Pero la vida y las nuevas tendencias han ido moldeando mi carácter y manera de pensar y hoy día, no siento el mismo horror hacia esos seres que se aman desesperadamente y le intentamos arrebatar esos momentos de felicidad sin que nos asista ningún derecho para ello. Me gustan las mujeres desde que la razón y los años me indicaron la utilidad de ciertas partes de mi cuerpo, su maravillosa función y su insuperable placer. Pero ello no me da derecho a privar a unas personas que por causas aún no muy definidas no sienten las mismas tendencias que yo, a que den gusto a su cuerpo y satisfacción a su amor. Creo que debemos ser tolerantes y respetuosos con los demás, aunque utilicen una acera que nosotros consideramos equivocadas y ellos la correcta y deseada.
Pero colocados los puntos sobre las íes, también reclamo el derecho a no ser hostigado en televisión, calles, plazas y sitios públicos por lo que se creen las “reinas del universo” y nosotros sus vasallos. Tampoco es eso. Tan imperdonables e intransigentes son los que no comprenden su manera de amar y dar salida a ese sentimiento, tachándolos de todo lo más ofensivo posible, como los que invaden la calle que es de todos, con el permiso y beneplácito de nuestras autoridades, exhibiendo sus anatomías provocativos y desafiantes y alardeando de su homosexualidad, como si fuera un derecho y un orgullo su metamorfosis sentimental, sin importarles que están usando una calle que es patrimonio de todos y no todos sentimos el dudoso placer de presenciar esas bacanales y mariconadas. Aquí, si se pasan varios pueblos e incluso capitales, ya que no persiguen el reconocimiento a sus derechos, que nadie le duda ya, sino a refregarnos y provocarnos con su procacidad. Es como si los heterosexuales fuéramos haciendo ostentación de nuestros atributos y obrando con entera libertad en el terreno pasional públicamente, escarneciendo a todos los que no sienten de idéntica forma. Seguro que seríamos detenidos por alteración del orden público y escándalo. Al paso que vamos para cualquier opción o destino, trabajo u ocupación, se va a necesitar ser miembro del colectivo del Arco Iris, porque lo contrario será considerado extraño y poco recomendable.

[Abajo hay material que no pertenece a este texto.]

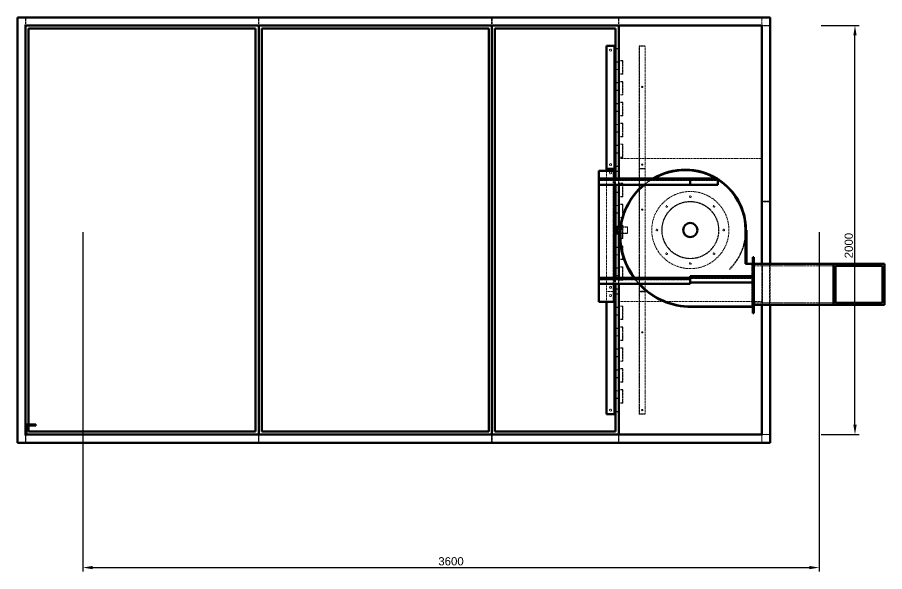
# Model space of a CAD drawing. Header units: millimetres. Extents: x 906 to 10971, y 270 to 8664.
# Drawn here: x 3371 to 7611, y 846 to 3556 of the extents above; entities that cross this region are included whole.
import ezdxf

# ---------------------------------------------------------------- set-up
doc = ezdxf.new("R2010")
doc.units = ezdxf.units.MM
doc.linetypes.add('Hidden', pattern=[15, 5, -3, 5, -2])
for name, color, linetype, lineweight in [('Default', 7, 'Continuous', 50), ('Edges', 7, 'Hidden', 15), ('HiddenEdges', 2, 'Hidden', 15), ('HiddenSilhouettes', 2, 'Hidden', 15), ('HiddenWires', 7, 'Hidden', 15), ('Silhouettes', 7, 'Continuous', 50), ('Wires', 7, 'Hidden', 15)]:
    doc.layers.add(name, color=color, linetype=linetype, lineweight=lineweight)
doc.layers.add('Dimension', color=7, linetype='Continuous', lineweight=50, true_color=0x6495ed)
doc.styles.add('Default', font='arial.ttf')
doc.dimstyles.get("Standard").update_dxf_attribs({"dimtxt": 0.18, "dimasz": 0.18, "dimexe": 0.18, "dimexo": 0.0625, "dimgap": 0.09, "dimtad": 0, "dimtih": 1, "dimtoh": 1, "dimdec": 4, "dimzin": 0, "dimdsep": 46, "dimtxsty": 'Standard', "dimcen": 0.09, "dimadec": 0, "dimazin": 0, "dimtfac": 1, "dimtdec": 4, "dimtofl": 0, "dimtmove": 0, "dimatfit": 3, "dimfxl": 1, "dimtolj": 1, "dimtzin": 0, "dimarcsym": 0})

# ---------------------------------------------------------------- blocks, each defined once
blk = doc.blocks.new('Top')
at = {"layer": 'Edges'}
for points in [[(820, 350, 0), (1520, 350, 0)], [(722, 246.9, 0), (722, 251.9, 0)], [(722, 241.9, 0), (1170, 241.9, 0)], [(1170, 241.9, 0), (1304, 241.9, 0)], [(1304, 247.4, 0), (1304, 251.9, 0)], [(1304, 221.9, 0), (1304, 241.9, 0)], [(722, -238.1, 0), (722, -233.1, 0)], [(722, -243.1, 0), (1170, -243.1, 0)], [(1170, -236.1, 0), (1474.8, -236.1, 0)], [(1170, -260, 0), (1170, -256.1, 0)]]:
    blk.add_polyline3d(points, dxfattribs=at)
at = {"layer": 'HiddenEdges'}
for points in [[(-2078.8, 1000, 0), (-2078.8, 1036.8, 0)], [(-2078.8, 1036.8, 0), (-941.2, 1036.8, 0)], [(-2065, 1036.8, 0), (-2065, 1038, 0)], [(-955, 1036.8, 0), (-955, 1038, 0)], [(-941.2, 1000, 0), (-941.2, 1036.8, 0)], [(-938.8, 1000, 0), (-938.8, 1036.8, 0)], [(-938.8, 1036.8, 0), (198.8, 1036.8, 0)], [(-925, 1036.8, 0), (-925, 1038, 0)], [(185, 1036.8, 0), (185, 1038, 0)], [(198.8, 1000, 0), (198.8, 1036.8, 0)], [(201.2, 1000, 0), (201.2, 1036.8, 0)], [(201.2, 1036.8, 0), (818.8, 1036.8, 0)], [(215, 1036.8, 0), (215, 1038, 0)], [(805, 1036.8, 0), (805, 1038, 0)], [(818.8, 1000, 0), (818.8, 1036.8, 0)], [(821.2, 1000, 0), (821.2, 1036.8, 0)], [(821.2, 1036.8, 0), (1518.8, 1036.8, 0)], [(835, 1036.8, 0), (835, 1038, 0)], [(1505, 1036.8, 0), (1505, 1038, 0)], [(1518.8, 1000, 0), (1518.8, 1036.8, 0)], [(-2083, 1003, 0), (1523, 1003, 0)], [(-2083, -1003, 0), (-2083, 1003, 0)], [(-2078.8, 998.8, 0), (-941.2, 998.8, 0)], [(-2078.8, -998.8, 0), (-2078.8, 998.8, 0)], [(-941.2, -998.8, 0), (-941.2, 998.8, 0)], [(-938.8, 998.8, 0), (198.8, 998.8, 0)], [(-938.8, -998.8, 0), (-938.8, 998.8, 0)], [(198.8, -998.8, 0), (198.8, 998.8, 0)], [(201.2, -998.8, 0), (201.2, 998.8, 0)], [(201.2, 998.8, 0), (818.8, 998.8, 0)], [(818.8, -998.8, 0), (818.8, 998.8, 0)], [(1521.2, 141.2, 0), (1521.2, 998.8, 0)], [(1521.2, 998.8, 0), (1556.8, 998.8, 0)], [(1523, -1003, 0), (1523, 1003, 0)], [(1520, 963.2, 0), (1521.2, 963.2, 0)], [(921.2, 301.2, 0), (921.2, 898.8, 0)], [(921.2, 898.8, 0), (950, 898.8, 0)], [(920, 860, 0), (921.2, 860, 0)], [(920, 340, 0), (921.2, 340, 0)], [(921.2, 301.2, 0), (950, 301.2, 0)], [(921.2, -298.8, 0), (921.2, 298.8, 0)], [(921.2, 298.8, 0), (950, 298.8, 0)], [(725.6, -347.3, 0), (725.6, 286.5, 0)], [(725.6, 286.5, 0), (793.4, 286.5, 0)], [(793.4, -347.3, 0), (793.4, 286.5, 0)], [(920, 260, 0), (921.2, 260, 0)], [(722, 250.1, 0), (725.6, 250.1, 0)], [(722, 221.9, 0), (722, 246.9, 0)], [(793.4, 250.1, 0), (797, 250.1, 0)], [(1170, 221.9, 0), (1170, 251.9, 0)], [(1304, 241.9, 0), (1304, 247.4, 0)], [(1520, 176.8, 0), (1521.2, 176.8, 0)], [(1521.2, 141.2, 0), (1556.8, 141.2, 0)], [(1521.2, 138.8, 0), (1556.8, 138.8, 0)], [(1521.2, -998.8, 0), (1521.2, 138.8, 0)], [(1520, 103.2, 0), (1521.2, 103.2, 0)], [(812.7, 13.9, 0), (812.7, 15, 0)], [(812.7, 10.6, 0), (812.7, 13.9, 0)], [(812.7, 5.7, 0), (812.7, 10.6, 0)], [(862.7, 13.9, 0), (862.7, 15, 0)], [(862.7, 10.6, 0), (862.7, 13.9, 0)], [(862.7, 5.7, 0), (862.7, 10.6, 0)], [(812.7, -10.6, 0), (812.7, -5.7, 0)], [(812.7, -13.9, 0), (812.7, -10.6, 0)], [(812.7, -15, 0), (812.7, -13.9, 0)], [(862.7, -10.6, 0), (862.7, -5.7, 0)], [(862.7, -13.9, 0), (862.7, -10.6, 0)], [(862.7, -15, 0), (862.7, -13.9, 0)], [(1470, -165, 0), (1521, -165, 0)], [(1521, -165, 0), (1571.7, -165, 0)], [(1571.7, -165, 0), (1621.7, -165, 0)], [(1621.7, -165, 0), (1670.9, -165, 0)], [(1670.9, -165, 0), (1765.1, -165, 0)], [(1765.1, -165, 0), (1809.6, -165, 0)], [(1809.6, -165, 0), (1852.1, -165, 0)], [(1852.1, -165, 0), (1892.1, -165, 0)], [(1470, -175, 0), (1510.2, -175, 0)], [(1510.2, -175, 0), (1550, -175, 0)], [(1550, -175, 0), (1589, -175, 0)], [(1589, -175, 0), (1663.3, -175, 0)], [(1663.3, -175, 0), (1697.8, -175, 0)], [(1697.8, -175, 0), (1730.1, -175, 0)], [(1730.1, -175, 0), (1786.9, -175, 0)], [(1786.9, -175, 0), (1810.9, -175, 0)], [(1810.9, -175, 0), (1831.6, -175, 0)], [(1831.6, -175, 0), (1862.3, -175, 0)], [(1862.3, -175, 0), (1872.1, -175, 0)], [(1872.1, -175, 0), (1878, -175, 0)], [(1878, -175, 0), (1880, -175, 0)], [(722, -260, 0), (722, -238.1, 0)], [(1170, -256.1, 0), (1170, -226.1, 0)], [(1170, -256.1, 0), (1170, -233.1, 0)], [(920, -260, 0), (921.2, -260, 0)], [(722, -310.9, 0), (725.6, -310.9, 0)], [(793.4, -310.9, 0), (797, -310.9, 0)], [(921.2, -298.8, 0), (950, -298.8, 0)], [(921.2, -898.8, 0), (921.2, -301.2, 0)], [(921.2, -301.2, 0), (950, -301.2, 0)], [(725.6, -347.3, 0), (793.4, -347.3, 0)], [(920, -340, 0), (921.2, -340, 0)], [(1470, -355, 0), (1510.2, -355, 0)], [(1470, -365, 0), (1521, -365, 0)], [(1474.8, -374, 0), (1479.8, -374, 0)], [(1510.2, -355, 0), (1550, -355, 0)], [(1521, -365, 0), (1571.7, -365, 0)], [(1550, -355, 0), (1589, -355, 0)], [(1571.7, -365, 0), (1621.7, -365, 0)], [(1589, -355, 0), (1663.3, -355, 0)], [(1621.7, -365, 0), (1670.9, -365, 0)], [(1663.3, -355, 0), (1697.8, -355, 0)], [(1670.9, -365, 0), (1765.1, -365, 0)], [(1697.8, -355, 0), (1730.1, -355, 0)], [(1730.1, -355, 0), (1786.9, -355, 0)], [(1765.1, -365, 0), (1809.6, -365, 0)], [(1786.9, -355, 0), (1810.9, -355, 0)], [(1809.6, -365, 0), (1852.1, -365, 0)], [(1810.9, -355, 0), (1831.6, -355, 0)], [(1831.6, -355, 0), (1862.3, -355, 0)], [(1852.1, -365, 0), (1892.1, -365, 0)], [(1862.3, -355, 0), (1872.1, -355, 0)], [(1872.1, -355, 0), (1878, -355, 0)], [(1878, -355, 0), (1880, -355, 0)], [(920, -860, 0), (921.2, -860, 0)], [(921.2, -898.8, 0), (950, -898.8, 0)], [(1520, -963.2, 0), (1521.2, -963.2, 0)], [(-2083, -1003, 0), (1523, -1003, 0)], [(-2078.8, -998.8, 0), (-941.2, -998.8, 0)], [(-2078.8, -1036.8, 0), (-2078.8, -1000, 0)], [(-941.2, -1036.8, 0), (-941.2, -1000, 0)], [(-938.8, -998.8, 0), (198.8, -998.8, 0)], [(-938.8, -1036.8, 0), (-938.8, -1000, 0)], [(198.8, -1036.8, 0), (198.8, -1000, 0)], [(201.2, -998.8, 0), (818.8, -998.8, 0)], [(201.2, -1036.8, 0), (201.2, -1000, 0)], [(818.8, -1036.8, 0), (818.8, -1000, 0)], [(821.2, -1036.8, 0), (821.2, -1000, 0)], [(1518.8, -1036.8, 0), (1518.8, -1000, 0)], [(1521.2, -998.8, 0), (1556.8, -998.8, 0)], [(-2078.8, -1036.8, 0), (-941.2, -1036.8, 0)], [(-2065, -1038, 0), (-2065, -1036.8, 0)], [(-955, -1038, 0), (-955, -1036.8, 0)], [(-938.8, -1036.8, 0), (198.8, -1036.8, 0)], [(-925, -1038, 0), (-925, -1036.8, 0)], [(185, -1038, 0), (185, -1036.8, 0)], [(201.2, -1036.8, 0), (818.8, -1036.8, 0)], [(215, -1038, 0), (215, -1036.8, 0)], [(805, -1038, 0), (805, -1036.8, 0)], [(821.2, -1036.8, 0), (1518.8, -1036.8, 0)], [(835, -1038, 0), (835, -1036.8, 0)], [(1505, -1038, 0), (1505, -1036.8, 0)]]:
    blk.add_polyline3d(points, dxfattribs=at)
blk.add_polyline3d([(1474.8, -236.1, 0)], close=True, dxfattribs=at)
at = {"layer": 'HiddenSilhouettes'}
for points in [[(932.4, 701.5), (933.5, 702.6)], [(932.4, 698.5), (933.5, 697.4)], [(933.5, 702.6), (935, 703)], [(933.5, 697.4), (935, 697)], [(935, 703), (936.5, 702.6)], [(935, 697), (936.5, 697.4)], [(936.5, 702.6), (937.6, 701.5)], [(936.5, 697.4), (937.6, 698.5)], [(932.4, 321.5), (933.5, 322.6)], [(933.5, 322.6), (935, 323)], [(933.5, 317.4), (935, 317)], [(935, 323), (936.5, 322.6)], [(935, 317), (936.5, 317.4)], [(936.5, 322.6), (937.6, 321.5)], [(932.4, 101.5), (933.5, 102.6)], [(932.4, 98.5), (933.5, 97.4)], [(933.5, 102.6), (935, 103)], [(935, 103), (936.5, 102.6)], [(935, 97), (936.5, 97.4)], [(936.5, 102.6), (937.6, 101.5)], [(936.5, 97.4), (937.6, 98.5)], [(1360.9, -190.9), (1362.3, -192.3)], [(932.4, -278.5), (933.5, -277.4)], [(932.4, -281.5), (933.5, -282.6)], [(933.5, -277.4), (935, -277)], [(933.5, -282.6), (935, -283)], [(935, -277), (936.5, -277.4)], [(935, -283), (936.5, -282.6)], [(936.5, -277.4), (937.6, -278.5)], [(936.5, -282.6), (937.6, -281.5)], [(932, -500), (932.4, -501.5)], [(933.5, -497.4), (935, -497)], [(933.5, -502.6), (935, -503)], [(935, -497), (936.5, -497.4)], [(935, -503), (936.5, -502.6)], [(937.6, -501.5), (938, -500)], [(932, -880), (932.4, -878.5)], [(932, -880), (932.4, -881.5)], [(932.4, -878.5), (933.5, -877.4)], [(932.4, -881.5), (933.5, -882.6)], [(933.5, -877.4), (935, -877)], [(935, -877), (936.5, -877.4)], [(935, -883), (936.5, -882.6)], [(936.5, -877.4), (937.6, -878.5)], [(936.5, -882.6), (937.6, -881.5)], [(937.6, -878.5), (938, -880)], [(937.6, -881.5), (938, -880)]]:
    blk.add_lwpolyline(points, dxfattribs=at)
for points in [[(-2080, 1000, 0), (-2080, 1040, 0)], [(-2080, 1000, 0), (-2080, 1038, 0)], [(-2080, 1038, 0), (-940, 1038, 0)], [(-940, 1000, 0), (-940, 1038, 0)], [(-940, 1038, 0), (200, 1038, 0)], [(200, 1000, 0), (200, 1038, 0)], [(200, 1038, 0), (820, 1038, 0)], [(820, 1038, 0), (1520, 1038, 0)], [(820, 1000, 0), (820, 1038, 0)], [(1520, 1000, 0), (1520, 1038, 0)], [(-2080, 1001.2, 0), (-940, 1001.2, 0)], [(-940, 1001.2, 0), (200, 1001.2, 0)], [(200, 1001.2, 0), (820, 1001.2, 0)], [(820, 1001.2, 0), (1520, 1001.2, 0)], [(1520, 1000, 0), (1556.8, 1000, 0)], [(1556.8, 140, 0), (1556.8, 1000, 0)], [(920, 300, 0), (920, 900, 0)], [(920, 900, 0), (950, 900, 0)], [(950, 300, 0), (950, 900, 0)], [(805, 887.5, 0), (820, 887.5, 0)], [(805, 886.3, 0), (820, 886.3, 0)], [(805, 822.7, 0), (820, 822.7, 0)], [(805, 821.5, 0), (820, 821.5, 0)], [(820, 828.5, 0), (840, 828.5, 0)], [(820, 827.3, 0), (838.8, 827.3, 0)], [(838.8, 763.7, 0), (838.8, 827.3, 0)], [(840, 762.5, 0), (840, 828.5, 0)], [(805, 785.5, 0), (820, 785.5, 0)], [(805, 784.3, 0), (820, 784.3, 0)], [(820, 763.7, 0), (838.8, 763.7, 0)], [(820, 762.5, 0), (840, 762.5, 0)], [(820, 726.5, 0), (840, 726.5, 0)], [(820, 725.3, 0), (838.8, 725.3, 0)], [(838.8, 661.7, 0), (838.8, 725.3, 0)], [(840, 660.5, 0), (840, 726.5, 0)], [(805, 720.7, 0), (820, 720.7, 0)], [(805, 719.5, 0), (820, 719.5, 0)], [(805, 683.5, 0), (820, 683.5, 0)], [(805, 682.3, 0), (820, 682.3, 0)], [(932, 700, 0), (932.4, 701.5, 0)], [(932, 700, 0), (932.4, 698.5, 0)], [(937.6, 701.5, 0), (938, 700, 0)], [(937.6, 698.5, 0), (938, 700, 0)], [(820, 661.7, 0), (838.8, 661.7, 0)], [(820, 660.5, 0), (840, 660.5, 0)], [(805, 618.7, 0), (820, 618.7, 0)], [(805, 617.5, 0), (820, 617.5, 0)], [(820, 624.5, 0), (840, 624.5, 0)], [(820, 623.3, 0), (838.8, 623.3, 0)], [(838.8, 559.7, 0), (838.8, 623.3, 0)], [(840, 558.5, 0), (840, 624.5, 0)], [(805, 581.5, 0), (820, 581.5, 0)], [(805, 580.3, 0), (820, 580.3, 0)], [(820, 559.7, 0), (838.8, 559.7, 0)], [(820, 558.5, 0), (840, 558.5, 0)], [(805, 516.7, 0), (820, 516.7, 0)], [(805, 515.5, 0), (820, 515.5, 0)], [(820, 522.5, 0), (840, 522.5, 0)], [(820, 521.3, 0), (838.8, 521.3, 0)], [(838.8, 457.7, 0), (838.8, 521.3, 0)], [(840, 456.5, 0), (840, 522.5, 0)], [(805, 479.5, 0), (820, 479.5, 0)], [(805, 478.3, 0), (820, 478.3, 0)], [(820, 457.7, 0), (838.8, 457.7, 0)], [(820, 456.5, 0), (840, 456.5, 0)], [(805, 414.7, 0), (820, 414.7, 0)], [(805, 413.5, 0), (820, 413.5, 0)], [(820, 420.5, 0), (840, 420.5, 0)], [(820, 419.3, 0), (838.8, 419.3, 0)], [(820, 325, 0), (820, 390, 0)], [(838.8, 355.7, 0), (838.8, 419.3, 0)], [(840, 354.5, 0), (840, 420.5, 0)], [(805, 377.5, 0), (820, 377.5, 0)], [(805, 376.3, 0), (820, 376.3, 0)], [(820, 355.7, 0), (838.8, 355.7, 0)], [(820, 354.5, 0), (840, 354.5, 0)], [(805, 312.7, 0), (820, 312.7, 0)], [(805, 311.5, 0), (820, 311.5, 0)], [(920, -300, 0), (920, 300, 0)], [(920, 300, 0), (950, 300, 0)], [(932, 320, 0), (932.4, 321.5, 0)], [(932, 320, 0), (932.4, 318.5, 0)], [(932.4, 318.5, 0), (933.5, 317.4, 0)], [(936.5, 317.4, 0), (937.6, 318.5, 0)], [(937.6, 321.5, 0), (938, 320, 0)], [(937.6, 318.5, 0), (938, 320, 0)], [(950, -300, 0), (950, 300, 0)], [(760, -300, 0), (760, 290.1, 0)], [(805, 287.5, 0), (820, 287.5, 0)], [(805, 286.3, 0), (820, 286.3, 0)], [(722, 221.9, 0), (722, 251.9, 0)], [(722, 246.5, 0), (722, 246.9, 0)], [(722, 245.9, 0), (722, 246.2, 0)], [(722, 246.2, 0), (722, 246.2, 0)], [(722, 244.4, 0), (722, 245.9, 0)], [(722, 242.5, 0), (722, 243.8, 0)], [(797, 221.9, 0), (797, 251.9, 0)], [(800, 221.9, 0), (800, 251.9, 0)], [(800, 221.9, 0), (800, 251.9, 0)], [(801.2, 222.7, 0), (801.2, 251.9, 0)], [(801.2, 222.7, 0), (820, 222.7, 0)], [(805, 221.9, 0), (805, 251.9, 0)], [(805, 221.5, 0), (820, 221.5, 0)], [(820, 221.9, 0), (820, 251.9, 0)], [(820, 228.5, 0), (840, 228.5, 0)], [(820, 227.3, 0), (838.8, 227.3, 0)], [(838.8, 163.7, 0), (838.8, 227.3, 0)], [(840, 162.5, 0), (840, 228.5, 0)], [(1170, 246.3, 0), (1170, 246.9, 0)], [(1170, 244.5, 0), (1170, 246.2, 0)], [(1170, 242.5, 0), (1170, 244.3, 0)], [(1170, 242.3, 0), (1170, 242.5, 0)], [(1170, 242.1, 0), (1170, 242.3, 0)], [(805, 185.5, 0), (820, 185.5, 0)], [(805, 184.3, 0), (820, 184.3, 0)], [(820, 163.7, 0), (838.8, 163.7, 0)], [(820, 162.5, 0), (840, 162.5, 0)], [(1520, 140, 0), (1556.8, 140, 0)], [(1556.8, -1000, 0), (1556.8, 140, 0)], [(805, 120.7, 0), (820, 120.7, 0)], [(805, 119.5, 0), (820, 119.5, 0)], [(820, 126.5, 0), (840, 126.5, 0)], [(820, 125.3, 0), (838.8, 125.3, 0)], [(838.8, 61.7, 0), (838.8, 125.3, 0)], [(840, 60.5, 0), (840, 126.5, 0)], [(932, 100, 0), (932.4, 101.5, 0)], [(932, 100, 0), (932.4, 98.5, 0)], [(933.5, 97.4, 0), (935, 97, 0)], [(937.6, 101.5, 0), (938, 100, 0)], [(937.6, 98.5, 0), (938, 100, 0)], [(805, 83.5, 0), (820, 83.5, 0)], [(805, 82.3, 0), (820, 82.3, 0)], [(820, 61.7, 0), (838.8, 61.7, 0)], [(820, 60.5, 0), (840, 60.5, 0)], [(805, 18.7, 0), (820, 18.7, 0)], [(805, 17.5, 0), (820, 17.5, 0)], [(812.7, 15, 0), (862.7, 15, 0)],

Y para colmo, mi paisana y ponderada ministra de la Igual-dá, presidiendo esa aglomeración de culos, tetas, rabos, pingajos y demostraciones lascivas y lujuriosas ante la vista de todo el mundo, incluso de nuestros menores. Creo que se está desmadrando bastante esta señora con su afán de destacar, no siempre acertado. Es mi modesta opinión como ciudadano libre y civilizado.
Tengo amigos excelentes y amigas magníficas que son homosexuales y lesbianas e incluso viven maritalmente y nos tratamos con total cordialidad y respeto a los sentimientos de unos y otros. Nuca he discriminado a nadie por su especial manera de sentir, siempre que no se metan en mi cama para desahogarse ante mis narices, porque tampoco se lo toleraría a un heterosexual, ni me refrieguen con mala leche su desnudez y lascivia y encima me intenten demostrar que son los únicos que deben sentir el orgullo por lo que son. Es decir, que los demás somos los equivocados.
No tengo por qué inmiscuirme y juzgar su manera de vivir, pensar y sentir.¿ Si se aman, por qué no van a satisfacer ese sentimiento y gozar esa pasión?. Cada cual es dueño de su mente y de su cuerpo. Pero, insisto, no me va eso del “orgullo gay”, con ostentación y alevosía, porque lo considero ganas de jorobar al prójimo y ofender a los que no ven bien esa carnavalada grotesca, impúdica e innecesaria. A Dios lo que es de Dios y al César lo que es del César, aunque en este caso especial cambiando sus protagonistas.